La planification constitue la touche finale de l’accompagnement que nous offrons à notre patient. En conservant un style motivationnel jusqu’au bout de notre prise en soin, en s’appuyant sur le patient et sur la connaissance qu’il a de sa vie et de son contexte et en le guidant dans le choix des stratégies les plus pertinentes, nous favorisons son passage à l’action et l’expression concrète de sa motivation. Pour potentialiser les chances de réussite du patient, nous pouvons l’aider à formuler des intentions de mise en œuvre en déterminant à l’avance où, quand et de quelle manière le changement va se produire. Ses actions enfin alignés sur ses intentions, le patient peut alors démarrer son ascension vers le changement !

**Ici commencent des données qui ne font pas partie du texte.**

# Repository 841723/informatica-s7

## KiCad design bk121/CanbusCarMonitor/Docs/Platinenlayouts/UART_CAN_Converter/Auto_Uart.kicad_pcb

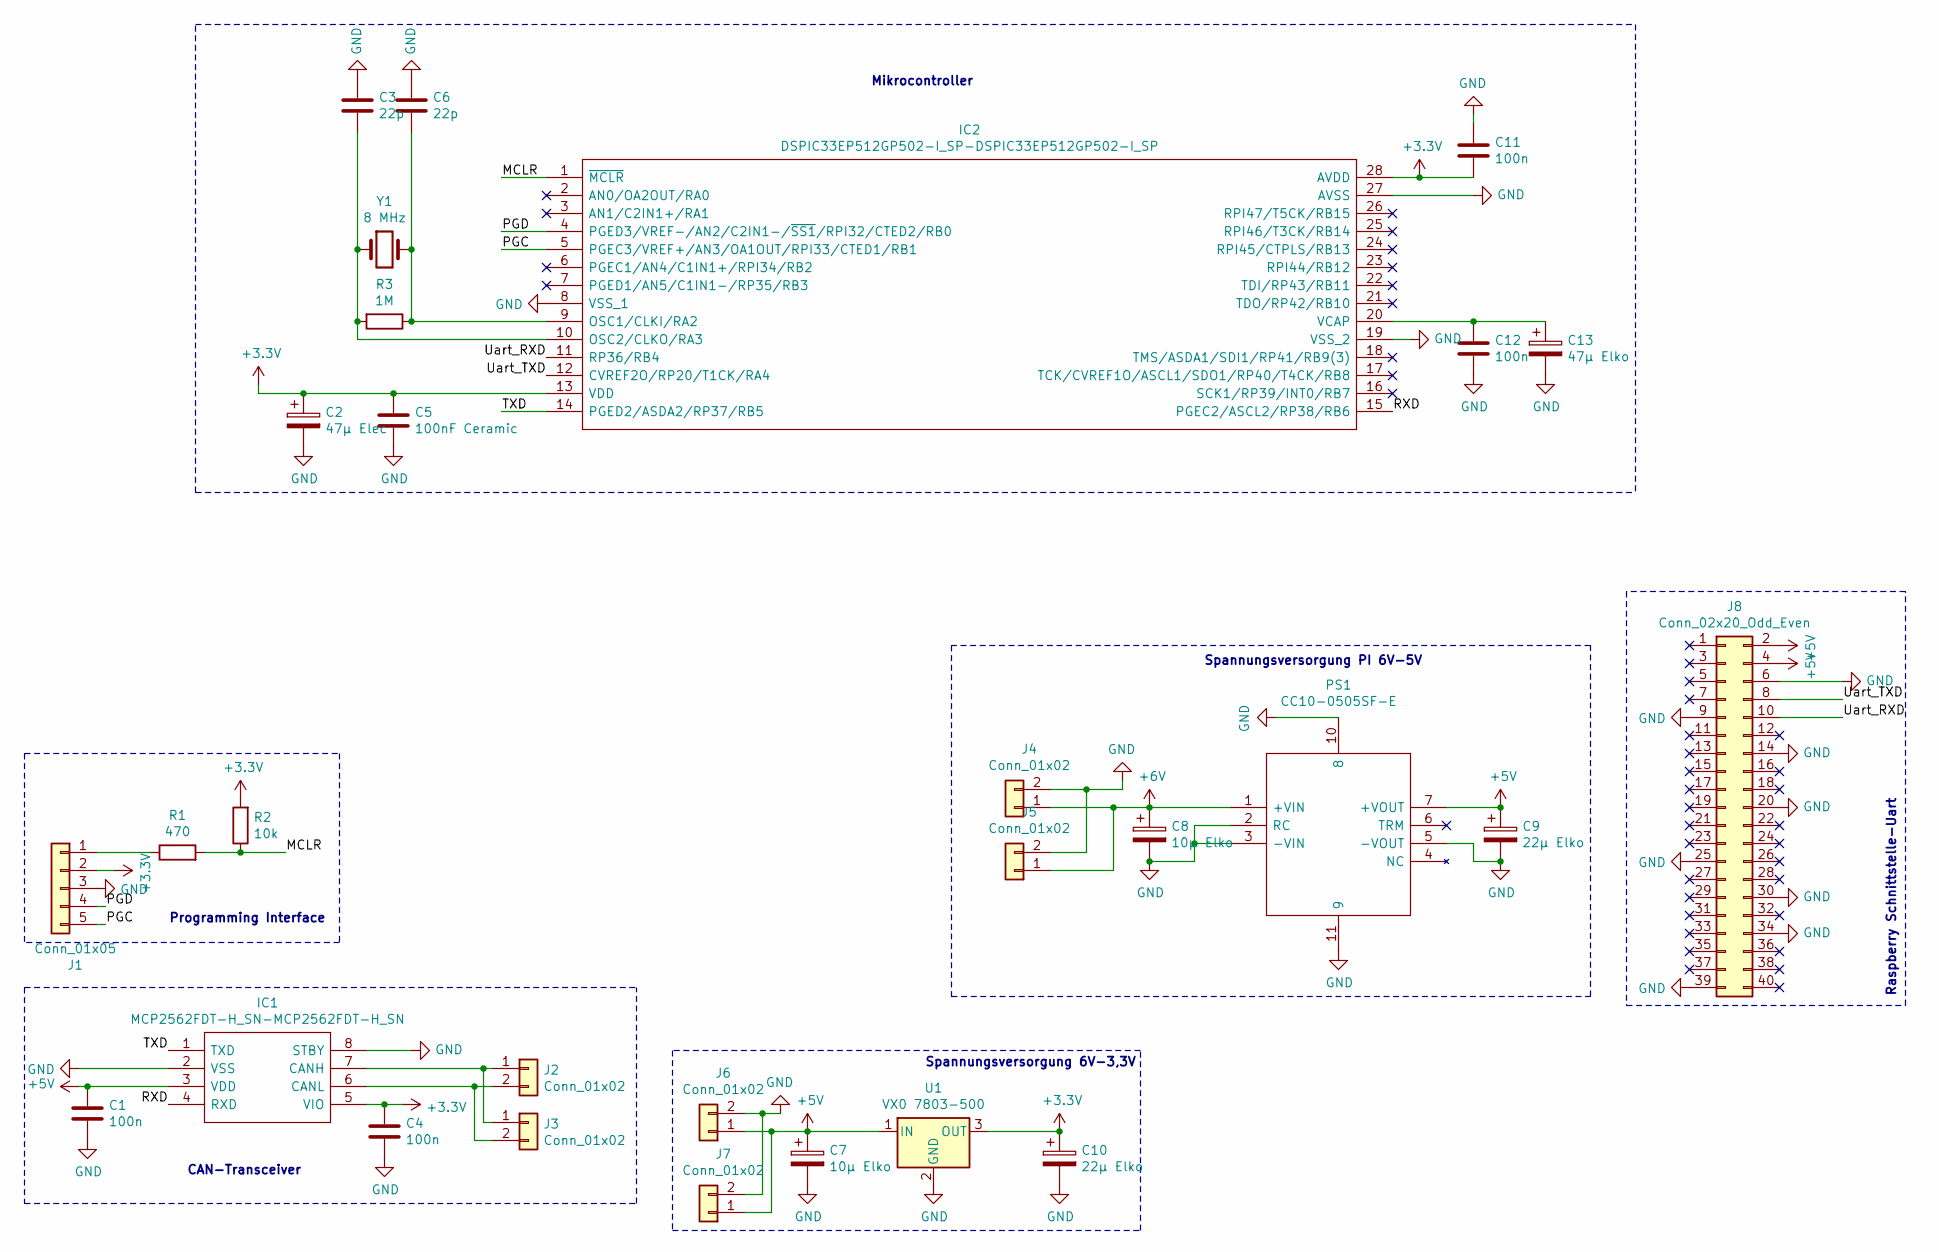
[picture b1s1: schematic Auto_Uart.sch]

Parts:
C1, C4, C11, C12: 100n; C_0805_2012Metric_Pad1.18x1.45mm_HandSolder
C2: 47µ Elec; CP_Elec_5x5.4
C3, C6: 22p; C_0805_2012Metric_Pad1.18x1.45mm_HandSolder
C5: 100nF Ceramic; C_0805_2012Metric_Pad1.18x1.45mm_HandSolder
C7, C8: 10µ Elko; CP_Elec_4x4.5
C9, C10: 22µ Elko; CP_Elec_4x4.5
C13: 47µ Elko; CP_Elec_5x5.4
IC1: MCP2562FDT-H_SN-MCP2562FDT-H_SN; DIP-8_W7.62mm_Socket_LongPads; Mouser Part Number 579-MCP2562FDT-H/SN
IC2: DSPIC33EP512GP502-I_SP-DSPIC33EP512GP502-I_SP; DIP-28_W7.62mm_Socket_LongPads; Mouser Part Number 579-33EP512GP502ISP
J1: Conn_01x05; PinHeader_1x05_P2.54mm_Vertical
J2, J3: Conn_01x02; Molex_KK-254_AE-6410-02A_1x02_P2.54mm_Vertical
J4, J5, J6, J7: Conn_01x02; TerminalBlock_Phoenix_MKDS-3-2-5.08_1x02_P5.08mm_Horizontal
J8: Conn_02x20_Odd_Even; PinSocket_2x20_P2.54mm_Vertical
PS1: CC10-0505SF-E; CC100505SFE; Manufacturer_Part_Number CC10-0505SF-E
R1: 470; R_0805_2012Metric_Pad1.20x1.40mm_HandSolder
R2: 10k; R_0805_2012Metric_Pad1.20x1.40mm_HandSolder
R3: 1M; R_0805_2012Metric_Pad1.20x1.40mm_HandSolder
U1: VX0 7803-500; Converter_DCDC_RECOM_R-78E-0.5_THT
Y1: 8 MHz; Crystal_HC49-4H_Vertical

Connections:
+3V3: C2.1, C4.1, C5.1, C10.1, C11.2, IC1.5 (VIO), IC2.13 (VDD), IC2.28 (AVDD), J1.2, R2.2, U1.3 (OUT)
+5V: C1.1, C7.1, C9.1, IC1.3 (VDD), J6.1, J7.1, J8.2, J8.4, PS1.7 (+VOUT), U1.1 (IN)
+6V: C8.1, J4.1, J5.1, PS1.1 (+VIN)
/MCLR: IC2.1 (~MCLR), R1.2, R2.1
/PGC: IC2.5 (PGEC3/VREF+/AN3/OA1OUT/RPI33/CTED1/RB1), J1.5
/PGD: IC2.4 (PGED3/VREF-/AN2/C2IN1-/~SS1~/RPI32/CTED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), J1.4
/RXD: IC1.4 (RXD), IC2.15 (PGEC2/ASCL2/RP38/RB6)
/TXD: IC1.1 (TXD), IC2.14 (PGED2/ASDA2/RP37/RB5)
/Uart_RXD: IC2.11 (RP36/RB4), J8.10
/Uart_TXD: IC2.12 (CVREF2O/RP20/T1CK/RA4), J8.8
GND: C1.2, C2.2, C3.1, C4.2, C5.2, C6.2, C7.2, C8.2, C9.2, C10.2, C11.1, C12.2, C13.2, IC1.2 (VSS), IC1.8 (STBY), IC2.8 (VSS_1), IC2.19 (VSS_2), IC2.27 (AVSS), J1.3, J4.2, J5.2, J6.2, J7.2, J8.6, J8.9, J8.14, J8.20, J8.25, J8.30, J8.34, J8.39, PS1.2 (RC), PS1.3 (-VIN), PS1.5 (-VOUT), PS1.10 (8), PS1.11 (9), U1.2 (GND)
unnamed: C3.2, IC2.10 (OSC2/CLKO/RA3), R3.2, Y1.1
unnamed: C6.1, IC2.9 (OSC1/CLKI/RA2), R3.1, Y1.2
unnamed: C12.1, C13.1, IC2.20 (VCAP)
unnamed: IC1.6 (CANL), J2.2, J3.2
unnamed: IC1.7 (CANH), J2.1, J3.1
unnamed: J1.1, R1.1

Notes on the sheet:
Mikrocontroller
Programming Interface
CAN-Transceiver
Raspberry Schnittstelle-Uart
Spannungsversorgung 6V-3,3V
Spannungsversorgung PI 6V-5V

 Références bibliographiques

Miller WR, Rollnick S. L'Entretien Motivationnel 2ème Ed : Aider la personne à engager le changement. Interéditions, 2013.

Gache P, Cavalli-Euvrard G. Guide pratique de l'Entretien Motivationnel 20 fiches pour professionaliser son approche relationnelle. Interéditions, 2022.

Gollwitzer PM. «Implementation intentions Strong Effect of simple Plans.» American Psychologist, 1999.

Gollwitzer PM, Sheeran P. «Implementation Intentions and Goal Achievement : a Meta-Analysis of Effects and Processes.» Advances in experimental socialpsychology, 2006.

Sheeran P, Mile S, Webb TL, Gollwitzer PM. «Implementation Intentions and Health Behaviour.» Predicting Health Behaviour, 2005.